Recorded data
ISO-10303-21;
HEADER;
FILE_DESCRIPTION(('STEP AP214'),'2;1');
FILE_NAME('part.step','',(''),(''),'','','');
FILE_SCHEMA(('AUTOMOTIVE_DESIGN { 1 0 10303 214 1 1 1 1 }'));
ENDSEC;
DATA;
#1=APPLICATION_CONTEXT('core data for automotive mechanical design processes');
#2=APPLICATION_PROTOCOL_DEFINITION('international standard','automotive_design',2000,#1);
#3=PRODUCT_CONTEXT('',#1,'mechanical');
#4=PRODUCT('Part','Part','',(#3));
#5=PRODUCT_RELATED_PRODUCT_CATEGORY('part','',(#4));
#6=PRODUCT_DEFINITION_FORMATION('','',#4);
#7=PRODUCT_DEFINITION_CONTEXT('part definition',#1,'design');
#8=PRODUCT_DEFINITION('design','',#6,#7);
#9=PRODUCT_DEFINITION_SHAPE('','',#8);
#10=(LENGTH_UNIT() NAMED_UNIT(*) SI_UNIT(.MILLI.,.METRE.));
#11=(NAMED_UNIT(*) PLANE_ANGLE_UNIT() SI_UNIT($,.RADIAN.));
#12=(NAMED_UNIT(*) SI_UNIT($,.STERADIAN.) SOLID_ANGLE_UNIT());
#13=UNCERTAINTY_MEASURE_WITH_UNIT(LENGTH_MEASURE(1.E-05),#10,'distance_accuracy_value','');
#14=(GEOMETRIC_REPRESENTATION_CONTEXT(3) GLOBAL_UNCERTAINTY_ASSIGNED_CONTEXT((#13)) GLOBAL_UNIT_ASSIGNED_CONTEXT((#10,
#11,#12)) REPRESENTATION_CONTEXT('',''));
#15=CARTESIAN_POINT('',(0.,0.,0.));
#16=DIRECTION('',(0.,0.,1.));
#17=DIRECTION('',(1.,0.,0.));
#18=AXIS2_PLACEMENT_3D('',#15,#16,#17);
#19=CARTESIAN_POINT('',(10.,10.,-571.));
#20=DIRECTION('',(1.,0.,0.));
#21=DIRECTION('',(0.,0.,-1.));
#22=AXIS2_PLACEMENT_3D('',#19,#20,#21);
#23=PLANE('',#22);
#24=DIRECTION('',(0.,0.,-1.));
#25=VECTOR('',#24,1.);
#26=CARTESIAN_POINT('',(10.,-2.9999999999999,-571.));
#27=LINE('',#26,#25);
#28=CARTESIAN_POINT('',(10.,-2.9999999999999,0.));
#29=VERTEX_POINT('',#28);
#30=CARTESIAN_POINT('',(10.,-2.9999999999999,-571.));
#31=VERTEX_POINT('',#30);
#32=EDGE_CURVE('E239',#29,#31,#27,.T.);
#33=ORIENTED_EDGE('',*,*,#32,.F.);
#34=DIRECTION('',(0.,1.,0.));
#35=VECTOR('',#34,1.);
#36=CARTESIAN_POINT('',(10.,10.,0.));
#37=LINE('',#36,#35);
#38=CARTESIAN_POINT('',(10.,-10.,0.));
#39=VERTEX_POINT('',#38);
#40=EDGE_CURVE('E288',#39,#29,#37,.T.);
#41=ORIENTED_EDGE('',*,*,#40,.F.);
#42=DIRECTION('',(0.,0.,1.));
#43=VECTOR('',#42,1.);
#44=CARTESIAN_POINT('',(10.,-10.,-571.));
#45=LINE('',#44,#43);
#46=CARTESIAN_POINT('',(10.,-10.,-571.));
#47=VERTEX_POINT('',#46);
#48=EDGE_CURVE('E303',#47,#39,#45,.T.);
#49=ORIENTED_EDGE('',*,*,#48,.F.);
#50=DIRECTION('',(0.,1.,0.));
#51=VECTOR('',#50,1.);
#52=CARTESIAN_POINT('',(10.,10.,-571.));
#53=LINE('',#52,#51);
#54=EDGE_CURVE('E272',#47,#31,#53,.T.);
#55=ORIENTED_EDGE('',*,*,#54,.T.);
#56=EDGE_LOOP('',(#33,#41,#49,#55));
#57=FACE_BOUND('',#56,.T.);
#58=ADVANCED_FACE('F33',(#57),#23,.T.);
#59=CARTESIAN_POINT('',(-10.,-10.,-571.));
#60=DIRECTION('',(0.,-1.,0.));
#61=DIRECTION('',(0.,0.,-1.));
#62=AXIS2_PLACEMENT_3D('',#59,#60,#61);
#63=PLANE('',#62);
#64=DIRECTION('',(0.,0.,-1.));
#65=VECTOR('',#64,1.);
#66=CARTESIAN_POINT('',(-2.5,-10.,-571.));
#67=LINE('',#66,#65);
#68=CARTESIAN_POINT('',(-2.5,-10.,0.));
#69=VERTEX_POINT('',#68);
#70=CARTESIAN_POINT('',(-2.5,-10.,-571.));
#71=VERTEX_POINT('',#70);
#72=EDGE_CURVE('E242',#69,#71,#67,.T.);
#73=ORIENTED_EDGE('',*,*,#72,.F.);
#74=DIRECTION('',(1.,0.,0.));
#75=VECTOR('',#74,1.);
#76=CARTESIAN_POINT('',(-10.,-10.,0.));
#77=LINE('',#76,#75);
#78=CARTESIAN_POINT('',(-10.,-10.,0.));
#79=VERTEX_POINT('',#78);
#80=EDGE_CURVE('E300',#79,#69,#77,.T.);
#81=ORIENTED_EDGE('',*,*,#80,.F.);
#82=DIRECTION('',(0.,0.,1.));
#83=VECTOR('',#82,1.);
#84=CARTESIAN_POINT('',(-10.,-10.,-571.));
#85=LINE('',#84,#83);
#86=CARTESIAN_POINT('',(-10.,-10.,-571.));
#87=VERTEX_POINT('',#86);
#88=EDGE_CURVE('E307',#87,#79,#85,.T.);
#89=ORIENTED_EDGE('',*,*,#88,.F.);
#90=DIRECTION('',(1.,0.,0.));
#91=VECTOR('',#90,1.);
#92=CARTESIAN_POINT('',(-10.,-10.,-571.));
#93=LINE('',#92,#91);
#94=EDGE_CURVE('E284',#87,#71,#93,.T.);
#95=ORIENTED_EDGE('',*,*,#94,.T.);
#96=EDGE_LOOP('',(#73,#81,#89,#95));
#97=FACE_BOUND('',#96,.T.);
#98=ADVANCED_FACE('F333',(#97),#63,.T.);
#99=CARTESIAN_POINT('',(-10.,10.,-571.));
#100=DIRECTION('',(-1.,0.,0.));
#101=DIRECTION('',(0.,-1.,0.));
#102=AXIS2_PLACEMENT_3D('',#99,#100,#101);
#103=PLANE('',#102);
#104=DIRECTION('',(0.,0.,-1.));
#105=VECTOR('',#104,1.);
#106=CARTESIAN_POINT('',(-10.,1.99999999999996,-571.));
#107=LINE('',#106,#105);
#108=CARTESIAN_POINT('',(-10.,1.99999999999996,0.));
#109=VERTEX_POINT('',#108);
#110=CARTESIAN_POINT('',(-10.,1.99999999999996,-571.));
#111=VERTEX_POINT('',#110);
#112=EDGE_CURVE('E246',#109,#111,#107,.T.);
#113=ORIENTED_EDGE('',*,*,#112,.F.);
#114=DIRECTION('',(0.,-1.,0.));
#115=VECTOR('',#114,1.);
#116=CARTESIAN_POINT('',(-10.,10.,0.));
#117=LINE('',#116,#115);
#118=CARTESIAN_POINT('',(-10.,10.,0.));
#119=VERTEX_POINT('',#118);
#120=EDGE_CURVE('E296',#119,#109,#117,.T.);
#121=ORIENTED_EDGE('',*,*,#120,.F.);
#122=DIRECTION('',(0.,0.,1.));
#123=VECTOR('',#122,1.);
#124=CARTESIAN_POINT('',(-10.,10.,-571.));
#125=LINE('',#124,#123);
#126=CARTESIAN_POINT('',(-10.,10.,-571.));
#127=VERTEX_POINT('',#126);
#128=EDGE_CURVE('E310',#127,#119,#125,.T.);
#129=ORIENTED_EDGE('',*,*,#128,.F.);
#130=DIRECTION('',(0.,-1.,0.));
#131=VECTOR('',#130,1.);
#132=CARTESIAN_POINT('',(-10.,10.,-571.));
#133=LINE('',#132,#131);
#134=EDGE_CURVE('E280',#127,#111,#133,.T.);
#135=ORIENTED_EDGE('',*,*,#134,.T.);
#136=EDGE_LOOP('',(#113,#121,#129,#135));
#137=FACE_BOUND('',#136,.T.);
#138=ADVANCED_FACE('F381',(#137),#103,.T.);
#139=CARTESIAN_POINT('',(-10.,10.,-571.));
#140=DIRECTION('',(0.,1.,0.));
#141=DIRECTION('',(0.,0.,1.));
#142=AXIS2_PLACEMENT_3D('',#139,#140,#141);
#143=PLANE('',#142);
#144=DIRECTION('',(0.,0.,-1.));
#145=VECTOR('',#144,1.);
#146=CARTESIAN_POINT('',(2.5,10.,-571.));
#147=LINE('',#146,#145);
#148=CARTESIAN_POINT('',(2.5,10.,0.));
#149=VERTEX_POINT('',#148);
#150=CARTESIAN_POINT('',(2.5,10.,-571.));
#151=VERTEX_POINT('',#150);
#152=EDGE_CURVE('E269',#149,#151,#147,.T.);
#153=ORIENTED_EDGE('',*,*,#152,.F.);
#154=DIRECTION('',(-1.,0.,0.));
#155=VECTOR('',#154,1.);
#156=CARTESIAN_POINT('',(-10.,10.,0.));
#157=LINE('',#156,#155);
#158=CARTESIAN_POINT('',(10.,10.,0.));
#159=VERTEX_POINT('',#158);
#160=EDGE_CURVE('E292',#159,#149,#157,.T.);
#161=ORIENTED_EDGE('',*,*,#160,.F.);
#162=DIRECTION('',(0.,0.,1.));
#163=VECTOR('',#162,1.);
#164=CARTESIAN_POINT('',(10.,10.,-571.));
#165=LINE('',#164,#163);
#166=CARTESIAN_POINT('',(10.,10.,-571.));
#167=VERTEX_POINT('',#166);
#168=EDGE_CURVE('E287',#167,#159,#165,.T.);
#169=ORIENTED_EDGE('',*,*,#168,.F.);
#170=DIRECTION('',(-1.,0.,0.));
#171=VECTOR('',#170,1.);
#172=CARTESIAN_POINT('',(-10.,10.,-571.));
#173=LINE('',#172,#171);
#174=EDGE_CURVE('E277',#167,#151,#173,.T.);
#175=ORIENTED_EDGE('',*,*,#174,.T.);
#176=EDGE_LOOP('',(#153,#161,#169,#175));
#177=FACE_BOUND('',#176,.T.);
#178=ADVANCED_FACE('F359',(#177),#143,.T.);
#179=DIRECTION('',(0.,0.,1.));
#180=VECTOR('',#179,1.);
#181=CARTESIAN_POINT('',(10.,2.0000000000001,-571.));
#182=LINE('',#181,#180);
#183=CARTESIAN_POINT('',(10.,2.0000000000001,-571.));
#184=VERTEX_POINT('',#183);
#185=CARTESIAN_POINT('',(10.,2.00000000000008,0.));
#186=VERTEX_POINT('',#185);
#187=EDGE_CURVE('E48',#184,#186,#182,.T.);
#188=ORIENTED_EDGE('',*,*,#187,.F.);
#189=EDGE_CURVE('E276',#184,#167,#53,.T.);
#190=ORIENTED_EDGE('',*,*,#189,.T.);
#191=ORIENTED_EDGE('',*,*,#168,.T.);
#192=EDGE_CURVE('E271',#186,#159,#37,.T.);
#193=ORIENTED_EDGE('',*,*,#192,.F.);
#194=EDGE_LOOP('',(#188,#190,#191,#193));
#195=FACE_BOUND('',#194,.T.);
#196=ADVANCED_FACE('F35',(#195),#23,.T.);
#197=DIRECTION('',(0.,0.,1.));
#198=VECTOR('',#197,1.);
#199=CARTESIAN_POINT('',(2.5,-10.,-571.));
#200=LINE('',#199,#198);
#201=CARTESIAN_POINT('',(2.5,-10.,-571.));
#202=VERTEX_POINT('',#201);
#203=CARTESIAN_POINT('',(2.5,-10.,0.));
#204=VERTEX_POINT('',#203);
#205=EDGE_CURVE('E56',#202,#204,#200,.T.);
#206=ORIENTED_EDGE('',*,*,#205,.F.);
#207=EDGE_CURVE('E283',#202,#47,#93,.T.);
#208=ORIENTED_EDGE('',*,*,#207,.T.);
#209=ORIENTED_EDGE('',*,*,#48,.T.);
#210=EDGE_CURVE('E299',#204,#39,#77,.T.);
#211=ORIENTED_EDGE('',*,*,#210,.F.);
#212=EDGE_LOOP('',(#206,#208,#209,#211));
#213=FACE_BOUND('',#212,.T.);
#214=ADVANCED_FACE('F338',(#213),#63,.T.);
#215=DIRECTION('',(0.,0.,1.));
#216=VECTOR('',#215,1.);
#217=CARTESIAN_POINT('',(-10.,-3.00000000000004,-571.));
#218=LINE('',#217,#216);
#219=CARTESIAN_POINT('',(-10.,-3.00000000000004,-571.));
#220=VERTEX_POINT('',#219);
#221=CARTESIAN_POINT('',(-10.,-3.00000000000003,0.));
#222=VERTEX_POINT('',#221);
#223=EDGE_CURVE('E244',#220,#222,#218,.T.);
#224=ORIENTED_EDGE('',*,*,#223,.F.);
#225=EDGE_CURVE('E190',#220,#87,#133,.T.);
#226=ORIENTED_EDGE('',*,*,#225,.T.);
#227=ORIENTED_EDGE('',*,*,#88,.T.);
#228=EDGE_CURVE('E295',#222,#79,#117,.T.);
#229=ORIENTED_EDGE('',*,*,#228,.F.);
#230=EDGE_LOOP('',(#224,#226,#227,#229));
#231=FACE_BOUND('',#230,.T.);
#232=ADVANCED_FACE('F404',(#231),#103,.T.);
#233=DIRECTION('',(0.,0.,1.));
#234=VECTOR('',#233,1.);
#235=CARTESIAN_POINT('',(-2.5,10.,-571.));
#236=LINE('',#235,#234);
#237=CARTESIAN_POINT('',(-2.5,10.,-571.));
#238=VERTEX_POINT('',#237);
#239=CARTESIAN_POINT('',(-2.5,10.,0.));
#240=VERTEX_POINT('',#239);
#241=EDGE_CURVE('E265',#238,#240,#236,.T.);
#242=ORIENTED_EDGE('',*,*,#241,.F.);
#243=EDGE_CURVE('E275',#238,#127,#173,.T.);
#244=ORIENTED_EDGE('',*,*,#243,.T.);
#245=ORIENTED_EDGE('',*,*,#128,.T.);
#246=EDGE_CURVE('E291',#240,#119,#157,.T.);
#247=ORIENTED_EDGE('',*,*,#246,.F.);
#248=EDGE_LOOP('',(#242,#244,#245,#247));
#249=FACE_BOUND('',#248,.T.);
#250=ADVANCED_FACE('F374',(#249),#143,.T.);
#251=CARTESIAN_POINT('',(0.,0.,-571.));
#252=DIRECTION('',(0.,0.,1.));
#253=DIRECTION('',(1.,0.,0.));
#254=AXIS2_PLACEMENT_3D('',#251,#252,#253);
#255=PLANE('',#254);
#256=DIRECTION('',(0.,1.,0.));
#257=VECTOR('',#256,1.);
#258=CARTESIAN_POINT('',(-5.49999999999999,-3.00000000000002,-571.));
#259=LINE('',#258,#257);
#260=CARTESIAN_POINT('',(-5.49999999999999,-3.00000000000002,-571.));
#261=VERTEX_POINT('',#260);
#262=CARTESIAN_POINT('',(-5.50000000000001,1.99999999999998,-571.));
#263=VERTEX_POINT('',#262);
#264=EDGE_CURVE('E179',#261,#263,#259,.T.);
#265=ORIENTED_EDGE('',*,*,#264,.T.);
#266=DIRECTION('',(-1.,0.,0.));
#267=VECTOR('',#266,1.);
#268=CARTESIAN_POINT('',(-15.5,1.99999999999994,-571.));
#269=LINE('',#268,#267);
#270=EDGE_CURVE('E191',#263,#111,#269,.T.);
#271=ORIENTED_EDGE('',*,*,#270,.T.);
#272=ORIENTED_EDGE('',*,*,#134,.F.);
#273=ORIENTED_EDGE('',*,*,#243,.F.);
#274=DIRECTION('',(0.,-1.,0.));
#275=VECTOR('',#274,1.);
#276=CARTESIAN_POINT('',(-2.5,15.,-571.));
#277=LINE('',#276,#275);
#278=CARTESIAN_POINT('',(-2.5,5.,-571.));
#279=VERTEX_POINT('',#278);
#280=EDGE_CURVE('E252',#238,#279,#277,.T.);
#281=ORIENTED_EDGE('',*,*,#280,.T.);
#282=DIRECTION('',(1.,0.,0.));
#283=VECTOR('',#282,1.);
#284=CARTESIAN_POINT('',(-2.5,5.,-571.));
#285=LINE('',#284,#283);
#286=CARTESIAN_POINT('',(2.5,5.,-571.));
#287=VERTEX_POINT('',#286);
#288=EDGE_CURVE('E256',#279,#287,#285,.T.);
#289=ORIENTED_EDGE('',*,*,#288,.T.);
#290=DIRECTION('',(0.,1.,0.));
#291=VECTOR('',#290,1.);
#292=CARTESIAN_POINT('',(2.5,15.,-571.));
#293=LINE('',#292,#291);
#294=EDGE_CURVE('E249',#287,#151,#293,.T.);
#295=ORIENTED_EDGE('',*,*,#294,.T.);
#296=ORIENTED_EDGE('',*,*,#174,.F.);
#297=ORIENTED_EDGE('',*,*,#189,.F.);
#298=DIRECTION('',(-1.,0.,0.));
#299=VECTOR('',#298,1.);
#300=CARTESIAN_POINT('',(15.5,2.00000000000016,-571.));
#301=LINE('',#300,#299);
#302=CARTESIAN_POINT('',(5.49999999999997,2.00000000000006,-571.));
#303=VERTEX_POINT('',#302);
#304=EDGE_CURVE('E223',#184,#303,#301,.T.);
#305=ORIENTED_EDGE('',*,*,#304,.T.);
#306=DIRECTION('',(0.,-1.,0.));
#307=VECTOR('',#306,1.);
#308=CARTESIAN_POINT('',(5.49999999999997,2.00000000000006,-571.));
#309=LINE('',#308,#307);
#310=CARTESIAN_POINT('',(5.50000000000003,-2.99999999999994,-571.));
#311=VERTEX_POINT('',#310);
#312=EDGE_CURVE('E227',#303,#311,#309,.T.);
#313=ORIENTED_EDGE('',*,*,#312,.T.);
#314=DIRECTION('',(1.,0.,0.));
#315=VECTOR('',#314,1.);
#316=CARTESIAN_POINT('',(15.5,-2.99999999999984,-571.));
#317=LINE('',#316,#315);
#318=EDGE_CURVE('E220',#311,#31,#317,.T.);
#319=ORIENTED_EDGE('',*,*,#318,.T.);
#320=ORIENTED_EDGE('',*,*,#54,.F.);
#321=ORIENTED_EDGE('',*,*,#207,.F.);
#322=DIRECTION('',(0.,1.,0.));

> [WORK ORDER] In the records above, the line with "#266=DIRECTION('',(-1.,0.,0.));" marks the start and the line with "#274=DIRECTION('',(0.,-1.,0.));" marks the end; copy that stretch exactly, both lines included, and nothing else.

> [WRITTEN ANSWER]
#266=DIRECTION('',(-1.,0.,0.));
#267=VECTOR('',#266,1.);
#268=CARTESIAN_POINT('',(-15.5,1.99999999999994,-571.));
#269=LINE('',#268,#267);
#270=EDGE_CURVE('E191',#263,#111,#269,.T.);
#271=ORIENTED_EDGE('',*,*,#270,.T.);
#272=ORIENTED_EDGE('',*,*,#134,.F.);
#273=ORIENTED_EDGE('',*,*,#243,.F.);
#274=DIRECTION('',(0.,-1.,0.));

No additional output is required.